• [Work to complete]: Within the records below, find each line with the word "import" and copy it out.

• [Data to use]:
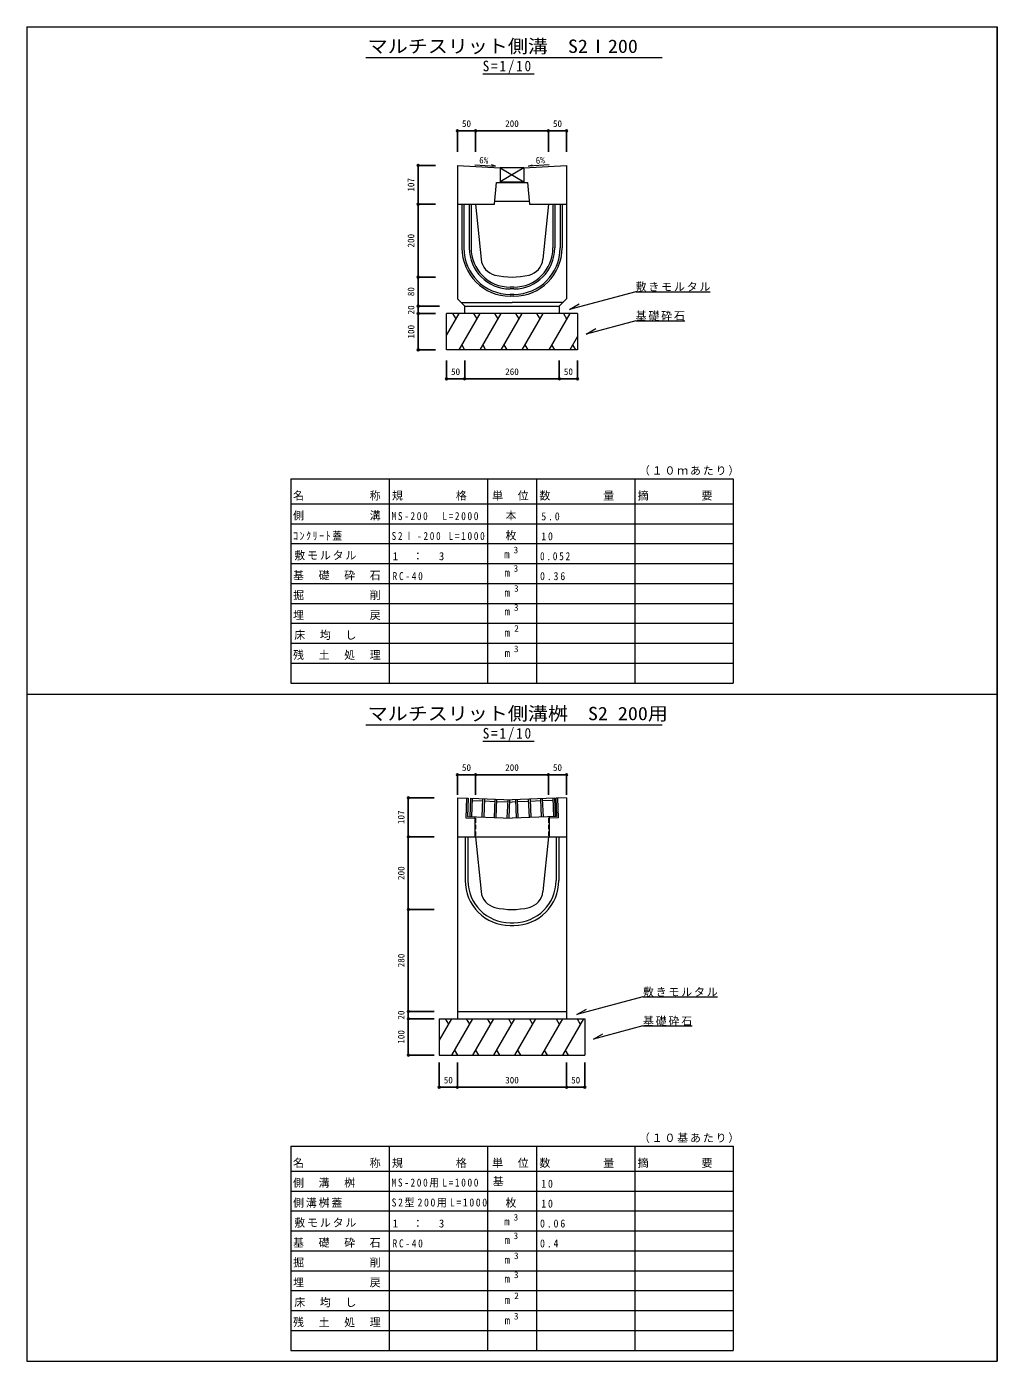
# Model space of a CAD drawing. Units: millimetres at full size, sheet at 1:10. Extents: x -2018 to 649, y -1857 to 1810.
import ezdxf
from ezdxf.enums import TextEntityAlignment as Align

# ---------------------------------------------------------------- set-up
doc = ezdxf.new("R2010")
doc.units = ezdxf.units.MM
doc.header["$LTSCALE"] = 10
doc.header["$PDMODE"] = 32
doc.header["$PDSIZE"] = 5
doc.linetypes.add('DASHED1', pattern=[1.8, 1.2, -0.6])
doc.layers.add('0-0_通り芯', color=7, linetype='Continuous', lineweight=18)
doc.layers.add('0-1_躯体', color=4, linetype='Continuous')
doc.styles.add('ＭＳ ゴシック', font='')
doc.styles.get('ＭＳ ゴシック').set_extended_font_data('MS Gothic')

msp = doc.modelspace()

# ---------------------------------------------------------------- linework, layer by layer
at = {"layer": '0-0_通り芯', "color": 2}
for p, q in [((-2017.76, 1810.11), (-2017.76, -1856.56)), ((-2017.76, 1810.11), (648.9, 1810.11)), ((-809.43, -309.25), (-811.52, -363.71)), ((-804.93, -309.42), (-806.85, -359.38)), ((-798.62, -309.66), (-800.54, -359.63)), ((-798.62, -309.66), (-684.43, -314.04)), ((-793.62, -309.85), (-795.54, -359.82)), ((-793.85, -315.85), (-765.35, -316.94)), ((-765.12, -310.95), (-767.04, -360.91)), ((-760.12, -311.14), (-762.04, -361.1)), ((-760.35, -317.13), (-731.85, -318.23)), ((-731.62, -312.23), (-733.54, -362.2)), ((-726.62, -312.42), (-728.54, -362.39)), ((-726.85, -318.42), (-696.55, -319.58)), ((-696.32, -313.59), (-698.24, -363.55)), ((-691.32, -313.78), (-693.24, -363.74)), ((-691.55, -319.77), (-684.66, -320.04)), ((-567.62, -309.56), (-684.43, -314.04)), ((-674.69, -319.67), (-684.2, -320.04)), ((-674.92, -313.68), (-673, -363.64)), ((-669.92, -313.49), (-668, -363.45)), ((-639.39, -318.32), (-669.69, -319.48)), ((-639.62, -312.32), (-637.7, -362.29)), ((-634.62, -312.13), (-632.7, -362.09)), ((-605.89, -317.03), (-634.39, -318.13)), ((-606.12, -311.04), (-604.2, -361)), ((-601.12, -310.85), (-599.2, -360.81)), ((-572.39, -315.75), (-600.89, -316.84)), ((-572.62, -309.75), (-570.7, -359.72)), ((-567.62, -309.56), (-565.7, -359.53)), ((-563.93, -309.42), (-562.01, -359.38)), ((-559.43, -309.25), (-557.34, -363.71)), ((-811.52, -363.71), (-784.43, -364.75)), ((-806.85, -359.38), (-684.43, -364.08)), ((-786.37, -360.17), (-786.54, -364.67)), ((-786.54, -364.67), (-786.54, -415.29)), ((-562.01, -359.38), (-684.43, -364.08)), ((-557.34, -363.71), (-584.43, -364.75)), ((-582.5, -360.17), (-582.32, -364.67)), ((-582.32, -364.67), (-582.32, -415.29)), ((-2017.76, -1856.56), (648.9, -1856.56))]:
    msp.add_line(p, q, dxfattribs=at)
at = {"layer": '0-0_通り芯'}
for p, q in [((-1086.26, 1725.11), (-272.26, 1725.11)), ((-764.87, 1680.39), (-623.9, 1680.39)), ((-344.66, 1081.92), (-526.17, 1033.29)), ((-344.66, 1081.92), (-139.66, 1081.92)), ((-814.43, 1022.15), (-814.43, 1042.15)), ((-554.43, 1042.15), (-554.43, 1022.15)), ((-526.17, 1033.29), (-500.19, 1048.29)), ((-830.38, 1022.15), (-864.43, 963.17)), ((-864.43, 922.15), (-864.43, 1022.15)), ((-504.43, 1022.15), (-864.43, 1022.15)), ((-847.69, 1022.15), (-839.03, 1007.16)), ((-772.65, 1022.15), (-830.38, 922.15)), ((-789.95, 1022.15), (-781.3, 1007.16)), ((-714.91, 1022.15), (-772.65, 922.15)), ((-732.22, 1022.15), (-723.56, 1007.16)), ((-657.18, 1022.15), (-714.91, 922.15)), ((-674.48, 1022.15), (-665.83, 1007.16)), ((-599.44, 1022.15), (-657.18, 922.15)), ((-616.75, 1022.15), (-608.09, 1007.16)), ((-525.87, 1022.15), (-583.6, 922.15)), ((-543.17, 1022.15), (-534.52, 1007.16)), ((-344.66, 1002.12), (-209.66, 1002.12)), ((-504.43, 959.27), (-525.87, 922.15)), ((-822.46, 935.86), (-814.54, 922.15)), ((-764.73, 935.86), (-756.81, 922.15)), ((-706.99, 935.86), (-699.07, 922.15)), ((-649.26, 935.86), (-641.34, 922.15)), ((-575.68, 935.86), (-567.76, 922.15)), ((-517.95, 935.86), (-510.03, 922.15)), ((-1291.93, 567.65), (-76.93, 567.65)), ((-1291.93, 567.65), (-1291.93, 444.53)), ((-1021.93, 567.65), (-1021.93, 444.53)), ((-751.93, 567.65), (-751.93, 444.53)), ((-616.93, 567.65), (-616.93, 444.53)), ((-346.93, 567.65), (-346.93, 444.53)), ((-76.93, 567.65), (-76.93, 444.53)), ((-1291.93, 499.25), (-76.93, 499.25)), ((-1291.93, 444.53), (-76.93, 444.53)), ((-1291.93, 444.53), (-1291.93, 6.77)), ((-1021.93, 444.53), (-1021.93, 6.77)), ((-751.93, 444.53), (-751.93, 6.77)), ((-616.93, 444.53), (-616.93, 6.77)), ((-346.93, 444.53), (-346.93, 6.77)), ((-76.93, 444.53), (-76.93, 6.77)), ((-1291.93, 389.81), (-76.93, 389.81)), ((-1291.93, 335.09), (-76.93, 335.09)), ((-1291.93, 280.37), (-76.93, 280.37)), ((-1291.93, 225.65), (-76.93, 225.65)), ((-1291.93, 170.93), (-76.93, 170.93)), ((-1291.93, 116.21), (-76.93, 116.21)), ((-1291.93, 61.49), (-76.93, 61.49)), ((-1291.93, 6.77), (-76.93, 6.77)), ((-1206.43, 6.77), (-297.43, 6.77)), ((-1086.26, -108.23), (-272.26, -108.23)), ((-764.87, -152.95), (-623.9, -152.95)), ((-324.66, -855.51), (-119.66, -855.51)), ((-884.43, -915.29), (-484.43, -915.29)), ((-884.43, -915.29), (-884.43, -1015.29)), ((-850.38, -915.29), (-884.43, -974.26)), ((-867.69, -915.29), (-859.03, -930.27)), ((-792.65, -915.29), (-850.38, -1015.29)), ((-834.43, -895.29), (-834.43, -915.29)), ((-809.95, -915.29), (-801.3, -930.27)), ((-734.91, -915.29), (-792.65, -1015.29)), ((-752.22, -915.29), (-743.56, -930.27)), ((-677.18, -915.29), (-734.91, -1015.29)), ((-694.48, -915.29), (-685.83, -930.27)), ((-619.44, -915.29), (-677.18, -1015.29)), ((-636.75, -915.29), (-628.09, -930.27)), ((-545.87, -915.29), (-603.6, -1015.29)), ((-563.17, -915.29), (-554.52, -930.27)), ((-488.13, -915.29), (-545.87, -1015.29)), ((-534.43, -895.29), (-534.43, -915.29)), ((-505.43, -915.29), (-496.78, -930.27)), ((-484.43, -915.29), (-484.43, -1015.29)), ((-324.66, -935.31), (-189.66, -935.31)), ((-884.43, -1015.29), (-484.43, -1015.29)), ((-842.46, -1001.57), (-834.54, -1015.29)), ((-784.73, -1001.57), (-776.81, -1015.29)), ((-726.99, -1001.57), (-719.07, -1015.29)), ((-669.26, -1001.57), (-661.34, -1015.29)), ((-595.68, -1001.57), (-587.76, -1015.29)), ((-537.95, -1001.57), (-530.03, -1015.29)), ((-1291.93, -1265.68), (-76.93, -1265.68)), ((-1291.93, -1265.68), (-1291.93, -1388.8)), ((-1021.93, -1265.68), (-1021.93, -1388.8)), ((-751.93, -1265.68), (-751.93, -1388.8)), ((-616.93, -1265.68), (-616.93, -1388.8)), ((-346.93, -1265.68), (-346.93, -1388.8)), ((-76.93, -1265.68), (-76.93, -1388.8)), ((-1291.93, -1334.08), (-76.93, -1334.08)), ((-1291.93, -1388.8), (-76.93, -1388.8)), ((-1291.93, -1388.8), (-1291.93, -1826.56)), ((-1021.93, -1388.8), (-1021.93, -1826.56)), ((-751.93, -1388.8), (-751.93, -1826.56)), ((-616.93, -1388.8), (-616.93, -1826.56)), ((-346.93, -1388.8), (-346.93, -1826.56)), ((-76.93, -1388.8), (-76.93, -1826.56)), ((-1291.93, -1443.52), (-76.93, -1443.52)), ((-1291.93, -1498.24), (-76.93, -1498.24)), ((-1291.93, -1552.96), (-76.93, -1552.96)), ((-1291.93, -1607.68), (-76.93, -1607.68)), ((-1291.93, -1662.4), (-76.93, -1662.4)), ((-1291.93, -1717.12), (-76.93, -1717.12)), ((-1291.93, -1771.84), (-76.93, -1771.84)), ((-1291.93, -1826.56), (-76.93, -1826.56)), ((-1206.43, -1826.56), (-297.43, -1826.56))]:
    msp.add_line(p, q, dxfattribs=at)
at = {"layer": '0-0_通り芯', "color": 3}
for p, q in [((-834.43, 1429.15), (-834.43, 1322.15)), ((-834.43, 1429.15), (-716.93, 1422.14)), ((-651.93, 1422.14), (-716.93, 1384.15)), ((-716.93, 1422.14), (-651.93, 1384.15)), ((-716.93, 1422.14), (-716.93, 1381.85)), ((-651.93, 1422.14), (-716.93, 1422.14)), ((-651.93, 1422.14), (-534.43, 1429.15)), ((-651.93, 1422.14), (-651.93, 1381.85)), ((-534.43, 1429.15), (-534.43, 1322.15)), ((-732.43, 1322.15), (-727.43, 1381.85)), ((-727.43, 1381.85), (-641.43, 1381.85)), ((-716.93, 1384.15), (-651.93, 1384.15)), ((-834.43, 1322.15), (-834.43, 1062.15)), ((-834.43, 1322.15), (-732.43, 1322.15)), ((-821.93, 1322.15), (-821.93, 1202.15)), ((-816.93, 1321.15), (-816.93, 1202.15)), ((-801.93, 1321.15), (-801.93, 1202.15)), ((-796.93, 1322.15), (-796.93, 1202.15)), ((-784.43, 1322.15), (-769.35, 1171.36)), ((-731.68, 1331.14), (-637.19, 1331.14)), ((-584.43, 1322.15), (-599.51, 1171.36)), ((-571.93, 1322.15), (-571.93, 1202.15)), ((-566.93, 1321.15), (-566.93, 1202.15)), ((-551.93, 1321.15), (-551.93, 1202.15)), ((-546.93, 1322.15), (-546.93, 1202.15)), ((-534.43, 1322.15), (-534.43, 1062.15)), ((-679.43, 1094.65), (-689.43, 1094.65)), ((-679.43, 1089.65), (-689.43, 1089.65)), ((-679.43, 1074.65), (-689.43, 1074.65)), ((-679.43, 1069.65), (-689.43, 1069.65)), ((-834.43, 1062.15), (-814.43, 1042.15)), ((-824.43, 1052.15), (-684.43, 1052.15)), ((-814.43, 1042.15), (-554.43, 1042.15)), ((-814.43, 1042.15), (-554.43, 1042.15)), ((-544.43, 1052.15), (-684.43, 1052.15)), ((-554.43, 1042.15), (-534.43, 1062.15)), ((-834.43, -308.29), (-804.93, -309.42)), ((-834.43, -308.29), (-834.43, -415.29)), ((-534.43, -308.29), (-563.93, -309.42)), ((-534.43, -308.29), (-534.43, -415.29)), ((-834.43, -415.29), (-534.43, -415.29)), ((-813.23, -415.29), (-813.23, -535.29)), ((-805.63, -415.29), (-805.63, -535.29)), ((-784.43, -415.29), (-769.35, -566.09)), ((-584.43, -415.29), (-599.51, -566.09)), ((-563.23, -415.29), (-563.23, -535.29)), ((-555.63, -415.29), (-555.63, -535.29)), ((-534.43, -415.29), (-534.43, -895.29)), ((-689.43, -651.49), (-679.43, -651.49)), ((-689.43, -659.09), (-679.43, -659.09)), ((-834.43, -895.29), (-534.43, -895.29))]:
    msp.add_line(p, q, dxfattribs=at)
at = {"layer": '0-0_通り芯', "color": 4}
msp.add_line((-2017.76, -23.23), (648.9, -23.23), dxfattribs=at)
at = {"layer": '0-0_通り芯', "color": 3, "linetype": 'DASHED1'}
for p, q in [((-784.43, -364.75), (-784.43, -415.29)), ((-584.43, -364.75), (-584.43, -415.29))]:
    msp.add_line(p, q, dxfattribs=at)
at = {"layer": '0-0_通り芯', "color": 2}
msp.add_lwpolyline([(648.9, -1856.56), (648.9, 1810.11), (648.9, -1856.56)], dxfattribs=at)
at = {"layer": '0-0_通り芯'}
for points in [[(-786.52, 1430.2), (-730.02, 1426.84), (-740.76, 1430.36)], [(-582.34, 1430.2), (-638.85, 1426.84), (-628.1, 1430.36)], [(-504.43, 1022.15), (-504.43, 922.15), (-864.43, 922.15)], [(-344.66, 1002.12), (-480.54, 965.71), (-454.56, 980.71)], [(-324.66, -855.51), (-506.17, -904.14), (-480.19, -889.14)], [(-324.66, -935.31), (-460.54, -971.72), (-434.56, -956.72)]]:
    msp.add_lwpolyline(points, dxfattribs=at)
at = {"layer": '0-0_通り芯', "color": 3}
for points in [[(-641.43, 1381.85), (-636.43, 1322.15), (-534.43, 1322.15)], [(-834.43, -415.29), (-834.43, -895.29), (-534.43, -895.29)]]:
    msp.add_lwpolyline(points, dxfattribs=at)
for centre, radius, start, end in [((-689.43, 1202.15), 132.5, 180, 270), ((-689.43, 1202.15), 127.5, 180, 270), ((-689.43, 1202.15), 112.5, 180, 270), ((-689.43, 1202.15), 107.5, 180, 270), ((-679.43, 1202.15), 112.5, 270, 0), ((-679.43, 1202.15), 107.5, 270, 0), ((-679.43, 1202.15), 127.5, 270, 0), ((-679.43, 1202.15), 132.5, 270, 0), ((-719.59, 1176.33), 50, 185.71, 256.44), ((-649.26, 1176.33), 50, 283.56, 354.29), ((-684.43, 1322.15), 200, 256.44, 283.56), ((-689.43, -535.29), 123.8, 180, 270), ((-689.43, -535.29), 116.2, 180, 270), ((-679.43, -535.29), 116.2, 270, 0), ((-679.43, -535.29), 123.8, 270, 0), ((-719.6, -561.11), 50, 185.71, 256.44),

• [Exercise result]:
import ezdxf
from ezdxf.enums import TextEntityAlignment as Align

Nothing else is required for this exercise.